TASK DIRECTIONS: Of all the entries below, retype only the lines from the one with "-Connection ~ 6400 2700" through the one with "-ANALOG_IN_VYAW", exactly as they appear.
↓↓↓
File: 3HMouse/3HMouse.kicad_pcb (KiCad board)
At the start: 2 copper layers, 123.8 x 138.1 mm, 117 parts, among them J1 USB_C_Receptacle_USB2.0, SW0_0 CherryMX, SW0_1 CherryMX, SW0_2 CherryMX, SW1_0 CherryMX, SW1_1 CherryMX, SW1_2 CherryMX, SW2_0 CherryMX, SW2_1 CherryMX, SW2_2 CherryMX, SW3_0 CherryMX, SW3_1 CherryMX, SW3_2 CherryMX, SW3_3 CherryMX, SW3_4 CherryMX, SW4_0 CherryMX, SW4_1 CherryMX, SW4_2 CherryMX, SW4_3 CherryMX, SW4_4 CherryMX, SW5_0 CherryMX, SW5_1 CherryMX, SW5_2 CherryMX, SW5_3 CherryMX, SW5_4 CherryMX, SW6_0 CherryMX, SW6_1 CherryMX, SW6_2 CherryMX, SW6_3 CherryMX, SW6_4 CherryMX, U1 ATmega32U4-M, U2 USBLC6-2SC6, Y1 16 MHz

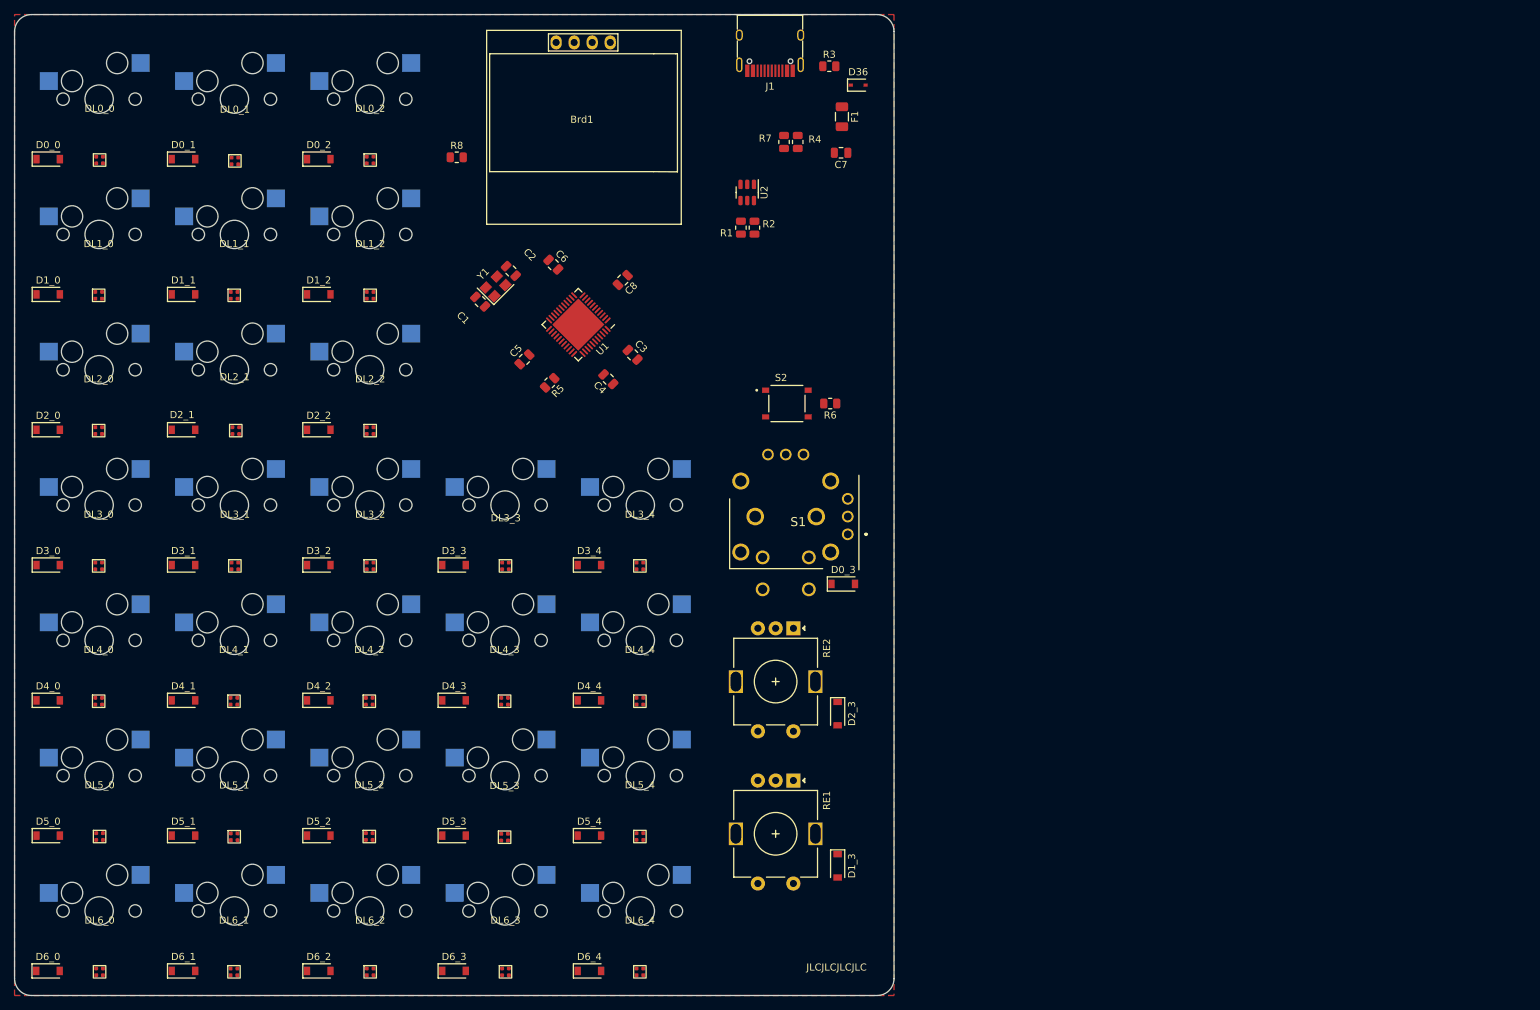
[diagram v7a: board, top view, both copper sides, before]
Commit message: LED and switch routing
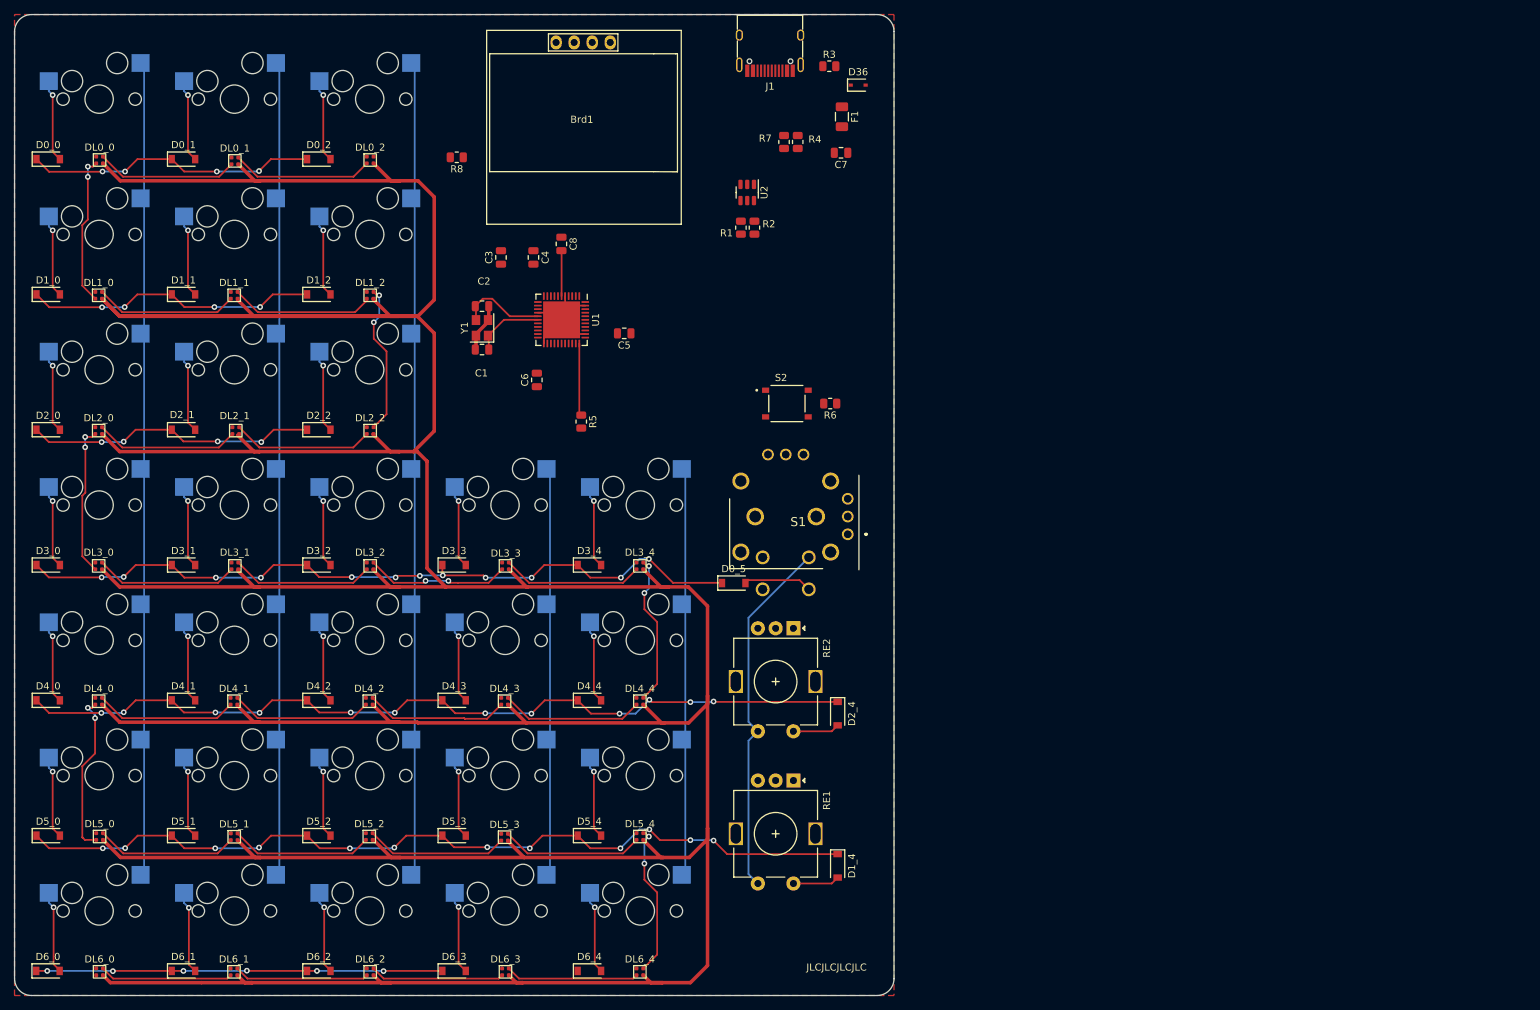
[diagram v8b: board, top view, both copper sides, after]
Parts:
- moved C3 23.1 mm to (89.9, 55.6), turned to 90 degrees
- moved C4 20.1 mm to (94.5, 55.6), turned to -90 degrees
- moved C6 16.4 mm to (95.0, 72.9), turned to 90 degrees
- moved D0_5 15.4 mm to (122.7, 101.5)
- moved C5 14.5 mm to (107.3, 66.3), turned to 180 degrees
- moved C8 10.0 mm to (98.4, 53.7), turned to -90 degrees
- moved R5 7.04 mm to (101.2, 78.7), turned to -90 degrees
- moved C1 6.75 mm to (87.2, 68.6), turned to 180 degrees
- moved C2 6.41 mm to (87.2, 62.5), turned to 0 degrees
- moved Y1 6.16 mm to (87.2, 65.5), turned to 90 degrees
- moved U1 2.46 mm to (98.4, 64.4), turned to -90 degrees
- turned R8 to 180 degrees
- renumbered D0_3 to D0_5, D1_3 to D1_4, D2_3 to D2_4
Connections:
- net Net-(D36-Pad1) renamed /RAWPWR
- D0_5 pad 1: ROW0 -> ROW3
- D1_4 pad 1: ROW1 -> ROW5
- D2_4 pad 1: ROW2 -> ROW4
- DL0_0 pad 1: Net-(DL0_0-Pad1) -> Net-(DL1_0-Pad1)
- DL1_0 pad 1: Net-(DL0_2-Pad3) -> Net-(DL1_0-Pad1)
- DL2_0 pad 1: Net-(DL1_2-Pad3) -> Net-(DL2_0-Pad1)
- DL2_2 pad 3: Net-(DL2_2-Pad3) -> Net-(DL1_2-Pad3)
- DL3_0 pad 1: Net-(DL2_2-Pad3) -> Net-(DL2_0-Pad1)
- DL3_4 pad 3: Net-(DL3_4-Pad3) -> Net-(DL4_4-Pad3)
- DL4_0 pad 1: Net-(DL3_4-Pad3) -> Net-(DL4_0-Pad1)
- DL5_0 pad 1: Net-(DL4_4-Pad3) -> Net-(DL4_0-Pad1)
- DL5_4 pad 3: Net-(DL5_4-Pad3) -> Net-(DL6_4-Pad3)
- DL6_0 pad 1: Net-(DL5_4-Pad3) -> unconnected-(DL6_0-Pad1)
- DL6_4 pad 3: unconnected-(DL6_4-Pad3) -> Net-(DL6_4-Pad3)
- R8 pad 1: LED -> Net-(DL0_2-Pad3)
- R8 pad 2: Net-(DL0_0-Pad1) -> LED
- RE1 pad S1: COL3 -> COL5
- RE2 pad S1: COL3 -> COL5
- S1 pad C1: COL3 -> COL5
- U1 pad 1: unconnected-(U1-Pad1) -> LED
- U1 pad 11: COL0 -> ROW0
- U1 pad 12: ROW2 -> unconnected-(U1-Pad12)
- U1 pad 18: LED -> ROW2
- U1 pad 26: unconnected-(U1-Pad26) -> COL5
- U1 pad 9: ROW0 -> COL0
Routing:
- net +5V: track 0.00 -> 732.7 mm
- net ROW5: track 0.00 -> 122.0 mm, vias 0 -> 12
- net ROW4: track 0.00 -> 120.5 mm, vias 0 -> 12
- net COL2: track 0.00 -> 116.7 mm
- net COL1: track 0.00 -> 116.7 mm
- net COL0: track 0.00 -> 116.7 mm
- net ROW3: track 0.00 -> 105.9 mm, vias 0 -> 12
- net COL3: track 0.00 -> 58.4 mm
- net COL4: track 0.00 -> 58.4 mm
- net ROW6: track 0.00 -> 57.3 mm, vias 0 -> 6
- net COL5: track 0.00 -> 51.1 mm
- net ROW1: track 0.00 -> 41.1 mm, vias 0 -> 4
- net ROW0: track 0.00 -> 41.0 mm, vias 0 -> 4
- net ROW2: track 0.00 -> 41.0 mm, vias 0 -> 4
- net GND: track 0.00 -> 26.9 mm
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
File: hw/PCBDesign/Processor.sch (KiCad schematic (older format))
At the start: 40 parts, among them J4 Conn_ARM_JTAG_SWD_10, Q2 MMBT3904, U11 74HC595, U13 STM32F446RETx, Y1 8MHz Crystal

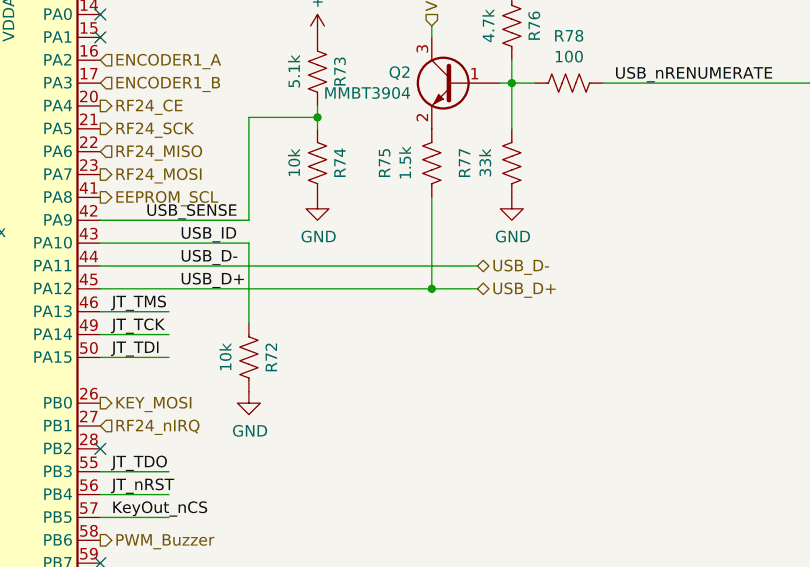
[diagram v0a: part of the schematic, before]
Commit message: Work further on v2.0 of controller pcb
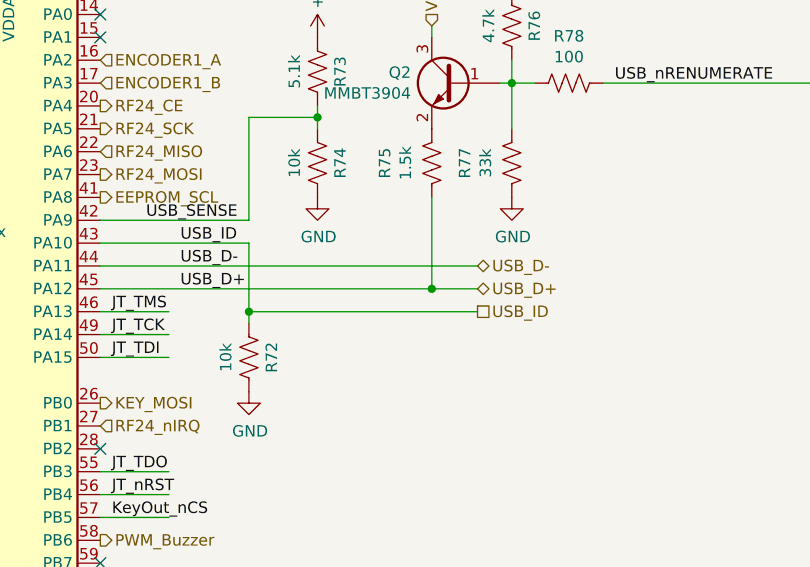
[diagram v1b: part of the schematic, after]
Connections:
- wire segments 99 -> 101
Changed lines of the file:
@@
 $EndComp
 Wire Wire Line
-	9450 2750 9450 2400
+	9450 2750 9450 2700
 Wire Wire Line
 	9450 2400 8800 2400
@@
 	-1   0    0    -1
 $EndComp
+Text HLabel 10450 2700 2    50   UnSpc ~ 0
+USB_ID
+Wire Wire Line
+	10450 2700 9450 2700
+Connection ~ 9450 2700
+Wire Wire Line
+	9450 2700 9450 2400
 $EndSCHEMATC

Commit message: Improve PCB design
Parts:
- removed C53, C54: 1.5pF, Capacitor_SMD:C_0402_1005Metric, symbol Device:C
- removed Y1: 8MHz Crystal, Crystal:Crystal_SMD_5032-2Pin_5.0x3.2mm, symbol Device:Crystal
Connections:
- wire segments 101 -> 91
- no-connect marks 10 -> 12
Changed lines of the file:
@@
 Wire Wire Line
 	4450 2400 3350 2400
-$Comp
-L Device:Crystal Y1
-U 1 1 604DCFCD
-P 6400 2500
-F 0 "Y1" V 6354 2631 50  0000 L CNN
-F 1 "8MHz Crystal" V 6445 2631 50  0000 L CNN
-F 2 "Crystal:Crystal_SMD_5032-2Pin_5.0x3.2mm" H 6400 2500 50  0001 C CNN
-F 3 "~" H 6400 2500 50  0001 C CNN
-F 4 "C115962" V 6400 2500 50  0001 C CNN "LCSC"
-	1    6400 2500
-	0    1    1    0
-$EndComp
-$Comp
-L Device:C C53
-U 1 1 604DDB41
-P 6150 2300
-F 0 "C53" V 6300 2300 50  0000 C CNN
-F 1 "1.5pF" V 5989 2300 50  0000 C CNN
-F 2 "Capacitor_SMD:C_0402_1005Metric" H 6188 2150 50  0001 C CNN
-F 3 "~" H 6150 2300 50  0001 C CNN
-F 4 "C1552" H 6150 2300 50  0001 C CNN "LCSC"
-	1    6150 2300
-	0    1    1    0
-$EndComp
-$Comp
-L Device:C C54
-U 1 1 604DE10D
-P 6150 2700
-F 0 "C54" V 6300 2700 50  0000 C CNN
-F 1 "1.5pF" V 5989 2700 50  0000 C CNN
-F 2 "Capacitor_SMD:C_0402_1005Metric" H 6188 2550 50  0001 C CNN
-F 3 "~" H 6150 2700 50  0001 C CNN
-F 4 "C1552" H 6150 2700 50  0001 C CNN "LCSC"
-	1    6150 2700
-	0    1    1    0
-$EndComp
-$Comp
-L power:GND #PWR0103
-U 1 1 604DE54A
-P 6000 2700
-F 0 "#PWR0103" H 6000 2450 50  0001 C CNN
-F 1 "GND" V 6005 2572 50  0000 R CNN
-F 2 "" H 6000 2700 50  0001 C CNN
-F 3 "" H 6000 2700 50  0001 C CNN
-	1    6000 2700
-	0    1    1    0
-$EndComp
-$Comp
-L power:GND #PWR0102
-U 1 1 604DED19
-P 6000 2300
-F 0 "#PWR0102" H 6000 2050 50  0001 C CNN
-F 1 "GND" V 6005 2172 50  0000 R CNN
-F 2 "" H 6000 2300 50  0001 C CNN
-F 3 "" H 6000 2300 50  0001 C CNN
-	1    6000 2300
-	0    1    1    0
-$EndComp
-Wire Wire Line
-	6300 2300 6400 2300
-Wire Wire Line
-	6400 2300 6400 2350
-Wire Wire Line
-	7400 2500 6850 2500
-Wire Wire Line
-	6850 2500 6850 2300
-Wire Wire Line
-	6850 2300 6400 2300
-Connection ~ 6400 2300
-Wire Wire Line
-	7400 2600 6850 2600
-Wire Wire Line
-	6300 2700 6400 2700
-Wire Wire Line
-	6400 2700 6400 2650
-Wire Wire Line
-	6400 2700 6850 2700
-Wire Wire Line
-	6850 2700 6850 2600
-Connection ~ 6400 2700
 Text HLabel 3350 1900 2    50   Output ~ 0
 RF24_VCC_EN
@@
 Wire Wire Line
 	9450 2700 9450 2400
+NoConn ~ 7400 2500
+NoConn ~ 7400 2600
 $EndSCHEMATC

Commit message: Add more of the I2C driver
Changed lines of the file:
@@
 Text HLabel 8800 1700 2    50   Input ~ 0
 ENCODER1_B
+Text HLabel 7400 3200 0    50   Input ~ 0
+ANALOG_IN_VPITCH
+Text HLabel 7400 3300 0    50   Input ~ 0
+ANALOG_IN_VROLL
 Text HLabel 7400 3100 0    50   Input ~ 0
-ANALOG_IN_VPITCH
+ANALOG_IN_VYAW
 Text HLabel 7400 3000 0    50   Input ~ 0
-ANALOG_IN_VROLL
-Text HLabel 7400 3300 0    50   Input ~ 0
-ANALOG_IN_VYAW
-Text HLabel 7400 3200 0    50   Input ~ 0
 ANALOG_IN_VTHROTTLE
 Wire Wire Line

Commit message: Finish first draft of v2.0 pcb
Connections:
- net labels removed: PWM_Buzzer
- wire segments 91 -> 93
- no-connect marks 12 -> 13
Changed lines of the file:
@@
 $Descr A3 16535 11693
 encoding utf-8
-Sheet 11 11
+Sheet 10 10
 Title ""
 Date ""
@@
 Text HLabel 7200 1400 0    50   Input ~ 0
 nRESET
-Text HLabel 8800 3700 2    50   Output ~ 0
-PWM_Buzzer
-Text HLabel 8800 3100 2    50   Output ~ 0
-KEY_MOSI
 Text HLabel 7400 4100 0    50   Input ~ 0
 KEY_MISO
@@
 Text HLabel 2550 2100 0    50   Output ~ 0
 KEY_SCK
-Text HLabel 2550 1900 0    50   Output ~ 0
-KEY_MOSI
 Text Label 1950 2400 0    50   ~ 0
 KeyOut_nCS
@@
 NoConn ~ 7400 2500
 NoConn ~ 7400 2600
+NoConn ~ 8800 3700
+Wire Wire Line
+	2550 1900 2000 1900
+Text Label 2050 1900 0    50   ~ 0
+KEY_MOSI
+Wire Wire Line
+	8800 3100 9250 3100
+Text Label 8850 3100 0    50   ~ 0
+KEY_MOSI
 $EndSCHEMATC
↑↑↑
TASK ANSWER:
-Connection ~ 6400 2700
 Text HLabel 3350 1900 2    50   Output ~ 0
 RF24_VCC_EN
@@
 Wire Wire Line
 	9450 2700 9450 2400
+NoConn ~ 7400 2500
+NoConn ~ 7400 2600
 $EndSCHEMATC

Commit message: Add more of the I2C driver
Changed lines of the file:
@@
 Text HLabel 8800 1700 2    50   Input ~ 0
 ENCODER1_B
+Text HLabel 7400 3200 0    50   Input ~ 0
+ANALOG_IN_VPITCH
+Text HLabel 7400 3300 0    50   Input ~ 0
+ANALOG_IN_VROLL
 Text HLabel 7400 3100 0    50   Input ~ 0
-ANALOG_IN_VPITCH
+ANALOG_IN_VYAW
 Text HLabel 7400 3000 0    50   Input ~ 0
-ANALOG_IN_VROLL
-Text HLabel 7400 3300 0    50   Input ~ 0
-ANALOG_IN_VYAW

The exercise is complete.